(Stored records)
● ● ●

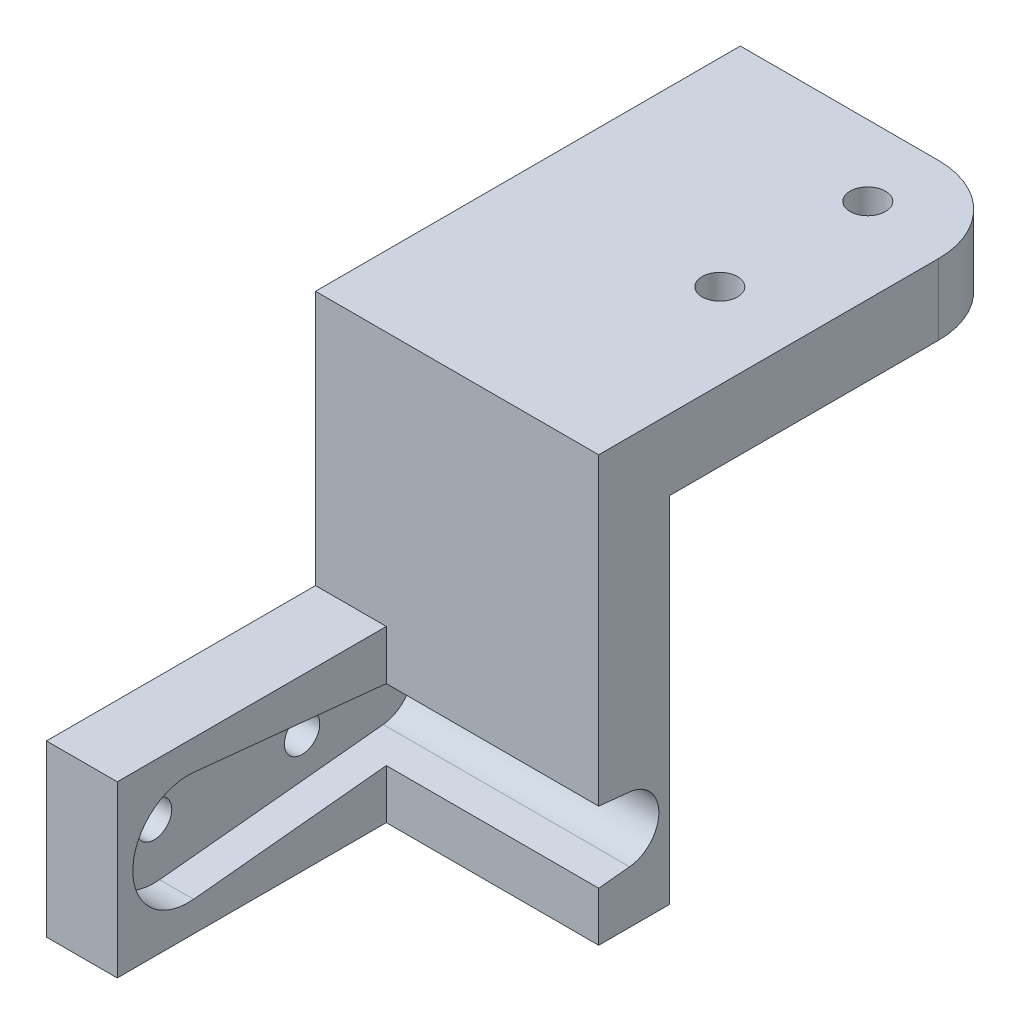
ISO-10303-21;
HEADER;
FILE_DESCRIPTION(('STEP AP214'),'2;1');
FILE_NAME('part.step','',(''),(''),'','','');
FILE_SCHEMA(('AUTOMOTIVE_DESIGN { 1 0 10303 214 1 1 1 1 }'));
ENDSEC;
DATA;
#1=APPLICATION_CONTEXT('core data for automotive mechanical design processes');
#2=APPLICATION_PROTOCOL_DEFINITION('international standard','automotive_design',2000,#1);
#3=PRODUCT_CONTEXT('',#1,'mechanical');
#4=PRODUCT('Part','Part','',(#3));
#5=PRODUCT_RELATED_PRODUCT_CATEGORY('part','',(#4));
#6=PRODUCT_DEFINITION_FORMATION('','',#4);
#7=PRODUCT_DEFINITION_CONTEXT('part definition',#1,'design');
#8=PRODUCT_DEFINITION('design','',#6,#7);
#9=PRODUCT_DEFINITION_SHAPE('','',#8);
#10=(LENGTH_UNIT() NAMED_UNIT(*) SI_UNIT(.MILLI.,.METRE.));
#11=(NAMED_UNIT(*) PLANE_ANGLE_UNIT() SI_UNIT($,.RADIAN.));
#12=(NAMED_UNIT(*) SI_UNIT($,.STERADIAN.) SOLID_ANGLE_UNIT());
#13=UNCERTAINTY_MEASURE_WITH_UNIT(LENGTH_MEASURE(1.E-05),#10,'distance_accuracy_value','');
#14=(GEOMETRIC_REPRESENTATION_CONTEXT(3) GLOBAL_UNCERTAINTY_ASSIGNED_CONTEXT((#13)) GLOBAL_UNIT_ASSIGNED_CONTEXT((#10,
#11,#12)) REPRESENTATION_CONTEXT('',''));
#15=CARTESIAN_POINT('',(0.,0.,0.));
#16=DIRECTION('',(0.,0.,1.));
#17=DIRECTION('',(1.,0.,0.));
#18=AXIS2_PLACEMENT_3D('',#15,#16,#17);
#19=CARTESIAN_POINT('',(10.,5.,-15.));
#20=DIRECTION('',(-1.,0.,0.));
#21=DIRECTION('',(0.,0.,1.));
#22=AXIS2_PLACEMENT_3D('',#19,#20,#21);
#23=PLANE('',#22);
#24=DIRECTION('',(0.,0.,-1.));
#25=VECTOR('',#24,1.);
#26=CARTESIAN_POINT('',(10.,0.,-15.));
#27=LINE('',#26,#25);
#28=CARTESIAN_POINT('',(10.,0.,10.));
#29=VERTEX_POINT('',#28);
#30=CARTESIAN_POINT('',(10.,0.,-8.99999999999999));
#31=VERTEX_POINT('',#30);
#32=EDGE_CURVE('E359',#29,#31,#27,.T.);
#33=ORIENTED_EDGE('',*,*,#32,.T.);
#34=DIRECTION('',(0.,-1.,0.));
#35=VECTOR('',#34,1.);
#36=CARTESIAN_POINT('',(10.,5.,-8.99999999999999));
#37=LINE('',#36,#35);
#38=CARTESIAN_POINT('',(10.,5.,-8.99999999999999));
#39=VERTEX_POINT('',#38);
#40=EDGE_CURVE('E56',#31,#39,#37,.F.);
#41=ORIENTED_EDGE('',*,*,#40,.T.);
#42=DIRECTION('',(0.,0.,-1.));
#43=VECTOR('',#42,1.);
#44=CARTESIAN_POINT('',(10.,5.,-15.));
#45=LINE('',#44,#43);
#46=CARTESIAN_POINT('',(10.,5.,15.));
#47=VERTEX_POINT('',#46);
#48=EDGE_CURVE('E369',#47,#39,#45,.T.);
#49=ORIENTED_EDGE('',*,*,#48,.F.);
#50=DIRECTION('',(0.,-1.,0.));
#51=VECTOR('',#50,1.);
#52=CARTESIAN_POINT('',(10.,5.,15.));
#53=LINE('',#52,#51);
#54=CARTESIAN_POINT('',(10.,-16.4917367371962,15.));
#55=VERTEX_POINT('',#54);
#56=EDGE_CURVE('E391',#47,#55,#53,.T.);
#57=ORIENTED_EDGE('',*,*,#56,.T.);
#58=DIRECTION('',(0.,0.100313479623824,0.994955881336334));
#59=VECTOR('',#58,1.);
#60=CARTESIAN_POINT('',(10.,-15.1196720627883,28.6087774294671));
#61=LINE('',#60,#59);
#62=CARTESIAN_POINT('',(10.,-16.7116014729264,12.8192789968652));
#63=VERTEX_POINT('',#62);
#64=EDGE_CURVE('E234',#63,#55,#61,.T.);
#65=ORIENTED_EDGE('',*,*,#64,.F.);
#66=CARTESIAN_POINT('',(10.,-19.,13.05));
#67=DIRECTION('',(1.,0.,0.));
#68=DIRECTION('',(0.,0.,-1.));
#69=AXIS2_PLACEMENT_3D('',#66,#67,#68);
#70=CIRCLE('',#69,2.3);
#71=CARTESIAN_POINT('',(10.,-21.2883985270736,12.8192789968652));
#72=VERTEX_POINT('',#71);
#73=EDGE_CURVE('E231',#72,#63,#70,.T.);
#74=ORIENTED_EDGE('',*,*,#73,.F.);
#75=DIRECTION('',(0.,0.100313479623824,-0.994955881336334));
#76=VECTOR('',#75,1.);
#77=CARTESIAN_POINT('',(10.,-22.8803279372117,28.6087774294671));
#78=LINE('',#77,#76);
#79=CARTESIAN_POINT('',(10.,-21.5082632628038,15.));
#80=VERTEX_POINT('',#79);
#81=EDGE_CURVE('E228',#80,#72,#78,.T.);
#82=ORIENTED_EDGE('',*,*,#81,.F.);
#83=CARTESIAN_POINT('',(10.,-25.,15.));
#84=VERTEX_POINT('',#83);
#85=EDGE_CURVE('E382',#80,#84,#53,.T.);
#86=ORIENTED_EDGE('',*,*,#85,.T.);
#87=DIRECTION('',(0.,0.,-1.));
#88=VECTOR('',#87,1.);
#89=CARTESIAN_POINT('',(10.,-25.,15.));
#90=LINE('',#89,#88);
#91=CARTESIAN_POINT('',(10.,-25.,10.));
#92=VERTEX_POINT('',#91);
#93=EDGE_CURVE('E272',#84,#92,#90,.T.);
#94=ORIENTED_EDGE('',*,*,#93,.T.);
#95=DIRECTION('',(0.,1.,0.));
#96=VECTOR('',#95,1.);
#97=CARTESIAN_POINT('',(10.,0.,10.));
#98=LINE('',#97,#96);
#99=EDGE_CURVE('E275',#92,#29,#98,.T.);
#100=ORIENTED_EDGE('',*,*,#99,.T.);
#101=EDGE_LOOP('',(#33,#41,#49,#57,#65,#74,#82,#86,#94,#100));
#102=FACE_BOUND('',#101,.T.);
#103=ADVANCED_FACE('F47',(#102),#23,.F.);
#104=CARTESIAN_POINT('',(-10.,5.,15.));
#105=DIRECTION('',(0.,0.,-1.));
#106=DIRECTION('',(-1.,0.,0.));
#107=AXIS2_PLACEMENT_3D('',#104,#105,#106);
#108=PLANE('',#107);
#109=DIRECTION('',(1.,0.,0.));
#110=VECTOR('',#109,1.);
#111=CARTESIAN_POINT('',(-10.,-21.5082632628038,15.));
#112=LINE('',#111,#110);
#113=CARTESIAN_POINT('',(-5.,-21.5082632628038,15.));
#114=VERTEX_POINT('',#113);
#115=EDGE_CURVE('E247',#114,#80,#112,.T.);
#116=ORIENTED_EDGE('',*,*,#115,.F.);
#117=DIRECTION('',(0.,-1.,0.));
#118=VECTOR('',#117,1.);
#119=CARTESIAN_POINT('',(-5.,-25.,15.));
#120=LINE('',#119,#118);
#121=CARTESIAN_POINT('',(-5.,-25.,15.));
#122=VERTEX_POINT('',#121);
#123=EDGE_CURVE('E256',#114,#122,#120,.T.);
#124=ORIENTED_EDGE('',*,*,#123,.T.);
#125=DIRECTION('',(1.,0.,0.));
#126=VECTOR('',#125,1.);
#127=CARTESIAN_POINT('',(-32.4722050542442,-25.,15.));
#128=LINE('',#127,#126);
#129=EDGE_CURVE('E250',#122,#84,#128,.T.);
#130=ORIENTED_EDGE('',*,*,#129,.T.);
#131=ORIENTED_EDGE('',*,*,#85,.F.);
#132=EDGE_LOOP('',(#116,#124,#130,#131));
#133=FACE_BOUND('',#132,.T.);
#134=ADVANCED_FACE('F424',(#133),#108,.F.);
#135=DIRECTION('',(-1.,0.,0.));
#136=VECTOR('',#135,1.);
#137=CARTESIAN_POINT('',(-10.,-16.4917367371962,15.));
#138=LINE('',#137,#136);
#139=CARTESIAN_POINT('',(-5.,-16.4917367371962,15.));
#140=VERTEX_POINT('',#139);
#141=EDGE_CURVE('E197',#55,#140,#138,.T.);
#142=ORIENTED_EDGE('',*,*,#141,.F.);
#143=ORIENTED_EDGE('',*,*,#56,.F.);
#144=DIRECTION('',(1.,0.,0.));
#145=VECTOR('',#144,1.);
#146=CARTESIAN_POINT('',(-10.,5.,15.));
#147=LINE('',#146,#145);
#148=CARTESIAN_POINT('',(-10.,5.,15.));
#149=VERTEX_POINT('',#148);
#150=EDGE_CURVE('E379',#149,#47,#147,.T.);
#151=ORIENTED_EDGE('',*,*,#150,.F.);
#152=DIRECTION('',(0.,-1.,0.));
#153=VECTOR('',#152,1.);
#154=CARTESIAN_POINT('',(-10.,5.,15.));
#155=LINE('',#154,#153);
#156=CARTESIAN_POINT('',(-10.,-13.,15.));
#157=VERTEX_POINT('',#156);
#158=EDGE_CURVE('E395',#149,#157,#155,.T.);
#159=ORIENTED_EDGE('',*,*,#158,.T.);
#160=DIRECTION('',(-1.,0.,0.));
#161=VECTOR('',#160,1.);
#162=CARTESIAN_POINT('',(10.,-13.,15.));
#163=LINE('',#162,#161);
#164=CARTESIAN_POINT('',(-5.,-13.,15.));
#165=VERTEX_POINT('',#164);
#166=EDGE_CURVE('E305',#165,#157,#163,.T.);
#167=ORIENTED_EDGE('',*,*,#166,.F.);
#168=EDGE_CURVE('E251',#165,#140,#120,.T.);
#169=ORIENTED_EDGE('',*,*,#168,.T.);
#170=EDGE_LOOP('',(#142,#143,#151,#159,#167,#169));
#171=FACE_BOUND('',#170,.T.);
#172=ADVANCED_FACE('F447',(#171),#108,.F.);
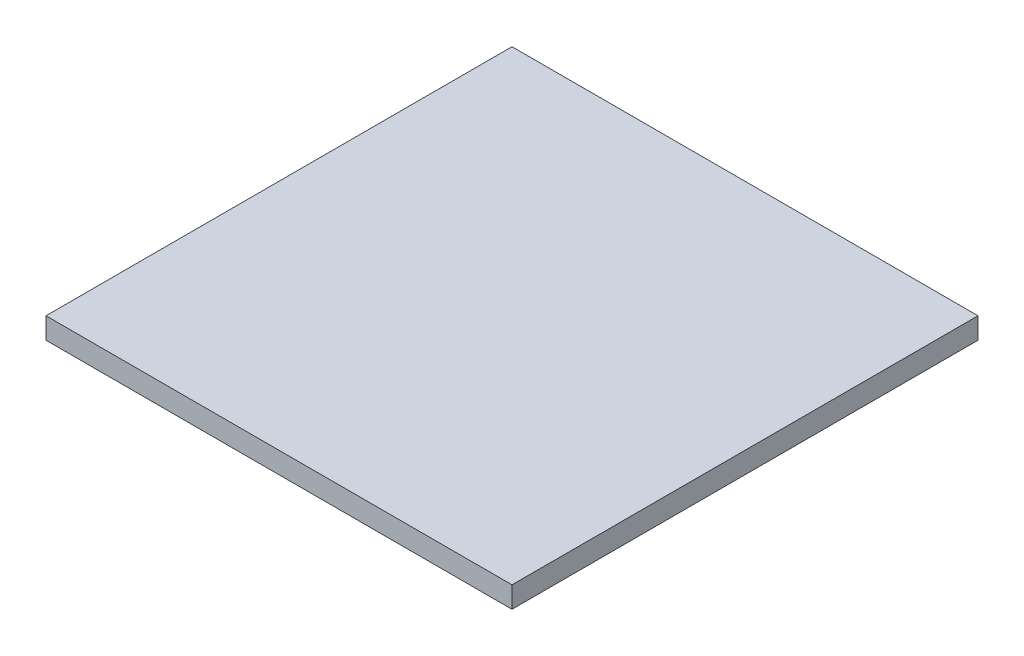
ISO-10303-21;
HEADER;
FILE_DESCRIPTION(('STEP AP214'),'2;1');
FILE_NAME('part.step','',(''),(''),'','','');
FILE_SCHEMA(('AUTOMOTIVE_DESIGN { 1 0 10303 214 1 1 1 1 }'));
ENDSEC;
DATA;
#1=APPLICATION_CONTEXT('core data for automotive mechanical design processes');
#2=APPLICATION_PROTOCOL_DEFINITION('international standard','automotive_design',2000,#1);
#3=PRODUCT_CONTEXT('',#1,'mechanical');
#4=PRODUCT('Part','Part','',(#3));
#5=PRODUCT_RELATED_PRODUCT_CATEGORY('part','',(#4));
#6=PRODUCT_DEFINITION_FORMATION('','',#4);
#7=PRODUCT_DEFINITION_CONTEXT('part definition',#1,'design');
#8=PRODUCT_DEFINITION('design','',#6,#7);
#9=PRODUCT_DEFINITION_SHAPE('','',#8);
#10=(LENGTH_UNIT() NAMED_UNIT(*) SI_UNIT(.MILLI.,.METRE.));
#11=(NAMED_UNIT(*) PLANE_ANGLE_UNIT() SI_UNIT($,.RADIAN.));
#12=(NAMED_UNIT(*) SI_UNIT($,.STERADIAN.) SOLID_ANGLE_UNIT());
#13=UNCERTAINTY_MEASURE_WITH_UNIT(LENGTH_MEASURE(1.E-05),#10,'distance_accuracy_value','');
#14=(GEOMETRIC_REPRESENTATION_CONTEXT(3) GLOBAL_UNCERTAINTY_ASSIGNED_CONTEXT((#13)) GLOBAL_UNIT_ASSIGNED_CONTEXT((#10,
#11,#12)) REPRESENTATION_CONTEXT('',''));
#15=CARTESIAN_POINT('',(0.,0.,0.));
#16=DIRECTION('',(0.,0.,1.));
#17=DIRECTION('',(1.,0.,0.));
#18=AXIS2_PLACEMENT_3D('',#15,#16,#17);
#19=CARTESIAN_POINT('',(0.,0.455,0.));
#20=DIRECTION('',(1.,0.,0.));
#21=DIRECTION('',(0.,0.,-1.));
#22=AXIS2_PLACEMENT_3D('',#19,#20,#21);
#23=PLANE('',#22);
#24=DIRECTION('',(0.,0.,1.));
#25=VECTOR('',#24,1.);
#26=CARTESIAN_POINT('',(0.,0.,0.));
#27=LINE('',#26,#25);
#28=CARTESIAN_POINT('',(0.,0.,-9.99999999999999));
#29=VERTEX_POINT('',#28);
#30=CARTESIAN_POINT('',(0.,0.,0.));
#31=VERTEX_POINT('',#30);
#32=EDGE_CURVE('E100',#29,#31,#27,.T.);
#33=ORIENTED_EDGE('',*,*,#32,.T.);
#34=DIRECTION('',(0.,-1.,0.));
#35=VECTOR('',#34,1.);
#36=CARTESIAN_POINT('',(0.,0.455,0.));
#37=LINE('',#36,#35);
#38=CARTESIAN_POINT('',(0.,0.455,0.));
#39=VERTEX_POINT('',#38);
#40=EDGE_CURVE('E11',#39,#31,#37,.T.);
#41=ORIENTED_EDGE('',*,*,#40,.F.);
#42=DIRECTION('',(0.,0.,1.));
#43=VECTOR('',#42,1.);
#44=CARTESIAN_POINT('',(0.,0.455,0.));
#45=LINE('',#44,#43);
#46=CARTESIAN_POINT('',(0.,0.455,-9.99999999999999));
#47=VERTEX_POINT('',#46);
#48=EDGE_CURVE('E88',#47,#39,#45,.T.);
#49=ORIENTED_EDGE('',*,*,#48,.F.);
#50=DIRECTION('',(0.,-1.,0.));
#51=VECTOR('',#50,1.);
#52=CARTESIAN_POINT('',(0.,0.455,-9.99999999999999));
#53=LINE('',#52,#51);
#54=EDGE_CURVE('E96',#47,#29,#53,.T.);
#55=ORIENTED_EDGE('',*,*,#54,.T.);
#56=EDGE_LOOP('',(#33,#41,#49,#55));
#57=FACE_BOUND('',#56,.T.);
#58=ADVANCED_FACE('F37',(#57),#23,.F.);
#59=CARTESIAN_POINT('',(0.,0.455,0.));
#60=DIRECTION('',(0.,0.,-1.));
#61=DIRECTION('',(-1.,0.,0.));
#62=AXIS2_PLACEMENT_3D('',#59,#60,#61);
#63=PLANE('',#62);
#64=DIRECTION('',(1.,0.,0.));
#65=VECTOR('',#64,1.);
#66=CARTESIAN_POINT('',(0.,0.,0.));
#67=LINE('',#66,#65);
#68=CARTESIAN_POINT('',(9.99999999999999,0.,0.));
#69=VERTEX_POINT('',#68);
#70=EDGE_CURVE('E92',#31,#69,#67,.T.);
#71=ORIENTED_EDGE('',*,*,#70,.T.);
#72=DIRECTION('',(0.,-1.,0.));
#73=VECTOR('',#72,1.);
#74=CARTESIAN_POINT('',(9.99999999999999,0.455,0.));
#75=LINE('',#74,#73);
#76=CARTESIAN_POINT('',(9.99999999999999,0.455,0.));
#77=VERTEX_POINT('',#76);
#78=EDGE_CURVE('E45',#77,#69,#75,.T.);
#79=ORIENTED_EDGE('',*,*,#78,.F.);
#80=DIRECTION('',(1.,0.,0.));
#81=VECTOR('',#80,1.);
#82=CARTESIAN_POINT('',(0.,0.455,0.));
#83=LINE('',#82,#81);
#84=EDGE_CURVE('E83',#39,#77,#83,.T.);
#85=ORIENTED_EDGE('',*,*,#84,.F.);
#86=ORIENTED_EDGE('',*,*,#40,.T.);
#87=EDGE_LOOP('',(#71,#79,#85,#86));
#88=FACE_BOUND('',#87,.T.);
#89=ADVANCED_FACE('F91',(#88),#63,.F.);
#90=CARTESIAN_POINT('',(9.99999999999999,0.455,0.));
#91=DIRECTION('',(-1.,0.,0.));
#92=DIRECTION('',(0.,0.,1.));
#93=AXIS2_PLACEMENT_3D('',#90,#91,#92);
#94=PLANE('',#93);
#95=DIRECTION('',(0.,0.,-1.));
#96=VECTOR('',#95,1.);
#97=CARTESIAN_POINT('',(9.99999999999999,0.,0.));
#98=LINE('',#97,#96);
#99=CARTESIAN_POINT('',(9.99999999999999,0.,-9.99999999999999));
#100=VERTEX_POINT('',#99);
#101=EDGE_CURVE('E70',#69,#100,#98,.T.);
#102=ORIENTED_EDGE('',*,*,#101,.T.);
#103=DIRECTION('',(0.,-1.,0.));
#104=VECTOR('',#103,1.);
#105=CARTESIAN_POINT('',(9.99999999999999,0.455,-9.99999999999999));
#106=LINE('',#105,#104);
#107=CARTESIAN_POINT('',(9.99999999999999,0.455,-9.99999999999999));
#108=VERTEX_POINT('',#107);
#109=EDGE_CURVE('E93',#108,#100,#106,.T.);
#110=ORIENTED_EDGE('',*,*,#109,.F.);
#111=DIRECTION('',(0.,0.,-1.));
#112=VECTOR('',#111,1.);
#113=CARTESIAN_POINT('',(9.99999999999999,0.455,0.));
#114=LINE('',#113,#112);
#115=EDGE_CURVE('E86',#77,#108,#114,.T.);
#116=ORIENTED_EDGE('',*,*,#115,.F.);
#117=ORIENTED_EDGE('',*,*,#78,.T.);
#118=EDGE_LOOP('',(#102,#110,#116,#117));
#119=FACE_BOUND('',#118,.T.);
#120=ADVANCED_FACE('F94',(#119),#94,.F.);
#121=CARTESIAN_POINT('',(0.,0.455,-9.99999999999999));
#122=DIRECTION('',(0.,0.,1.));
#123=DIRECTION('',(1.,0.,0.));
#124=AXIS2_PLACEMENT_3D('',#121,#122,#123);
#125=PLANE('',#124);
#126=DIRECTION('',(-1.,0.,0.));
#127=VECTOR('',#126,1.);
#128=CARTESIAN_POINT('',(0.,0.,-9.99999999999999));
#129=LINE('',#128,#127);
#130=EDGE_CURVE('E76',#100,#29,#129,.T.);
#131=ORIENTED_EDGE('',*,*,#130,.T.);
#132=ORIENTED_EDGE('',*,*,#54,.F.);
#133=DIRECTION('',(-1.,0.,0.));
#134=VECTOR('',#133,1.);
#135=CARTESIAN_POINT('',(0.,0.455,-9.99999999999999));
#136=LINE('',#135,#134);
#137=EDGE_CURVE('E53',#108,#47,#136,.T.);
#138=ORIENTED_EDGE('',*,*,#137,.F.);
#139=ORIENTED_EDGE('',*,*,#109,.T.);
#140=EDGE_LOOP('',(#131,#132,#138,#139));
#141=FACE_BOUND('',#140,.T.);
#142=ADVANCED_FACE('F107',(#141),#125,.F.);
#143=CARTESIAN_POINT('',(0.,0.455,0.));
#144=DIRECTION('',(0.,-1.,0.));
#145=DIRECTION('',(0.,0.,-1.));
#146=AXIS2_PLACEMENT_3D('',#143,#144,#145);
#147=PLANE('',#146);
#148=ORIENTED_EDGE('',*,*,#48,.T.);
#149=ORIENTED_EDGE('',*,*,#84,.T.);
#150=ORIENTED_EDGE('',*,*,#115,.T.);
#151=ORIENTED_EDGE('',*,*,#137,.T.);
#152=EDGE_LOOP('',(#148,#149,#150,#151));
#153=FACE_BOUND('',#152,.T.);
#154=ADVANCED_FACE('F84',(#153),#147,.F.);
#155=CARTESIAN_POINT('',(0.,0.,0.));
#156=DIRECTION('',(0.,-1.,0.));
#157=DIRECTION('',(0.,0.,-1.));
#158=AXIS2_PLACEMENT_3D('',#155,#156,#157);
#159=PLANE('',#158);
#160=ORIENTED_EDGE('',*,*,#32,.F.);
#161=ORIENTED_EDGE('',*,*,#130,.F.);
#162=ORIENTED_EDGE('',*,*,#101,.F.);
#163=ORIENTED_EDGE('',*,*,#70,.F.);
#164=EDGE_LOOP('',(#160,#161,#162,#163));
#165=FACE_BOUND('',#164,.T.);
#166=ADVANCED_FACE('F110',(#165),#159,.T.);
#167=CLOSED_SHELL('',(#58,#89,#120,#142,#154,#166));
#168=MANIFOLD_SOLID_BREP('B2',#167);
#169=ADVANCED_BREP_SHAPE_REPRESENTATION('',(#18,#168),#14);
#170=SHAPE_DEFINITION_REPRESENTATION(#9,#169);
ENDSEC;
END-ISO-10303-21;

● ● ●

Problem statement: Give again only the lines starting at the one that contains "#164=EDGE_LOOP('',(#160,#161,#162,#163));" and running to the end of the data.

Written answer:
#164=EDGE_LOOP('',(#160,#161,#162,#163));
#165=FACE_BOUND('',#164,.T.);
#166=ADVANCED_FACE('F110',(#165),#159,.T.);
#167=CLOSED_SHELL('',(#58,#89,#120,#142,#154,#166));
#168=MANIFOLD_SOLID_BREP('B2',#167);
#169=ADVANCED_BREP_SHAPE_REPRESENTATION('',(#18,#168),#14);
#170=SHAPE_DEFINITION_REPRESENTATION(#9,#169);
ENDSEC;
END-ISO-10303-21;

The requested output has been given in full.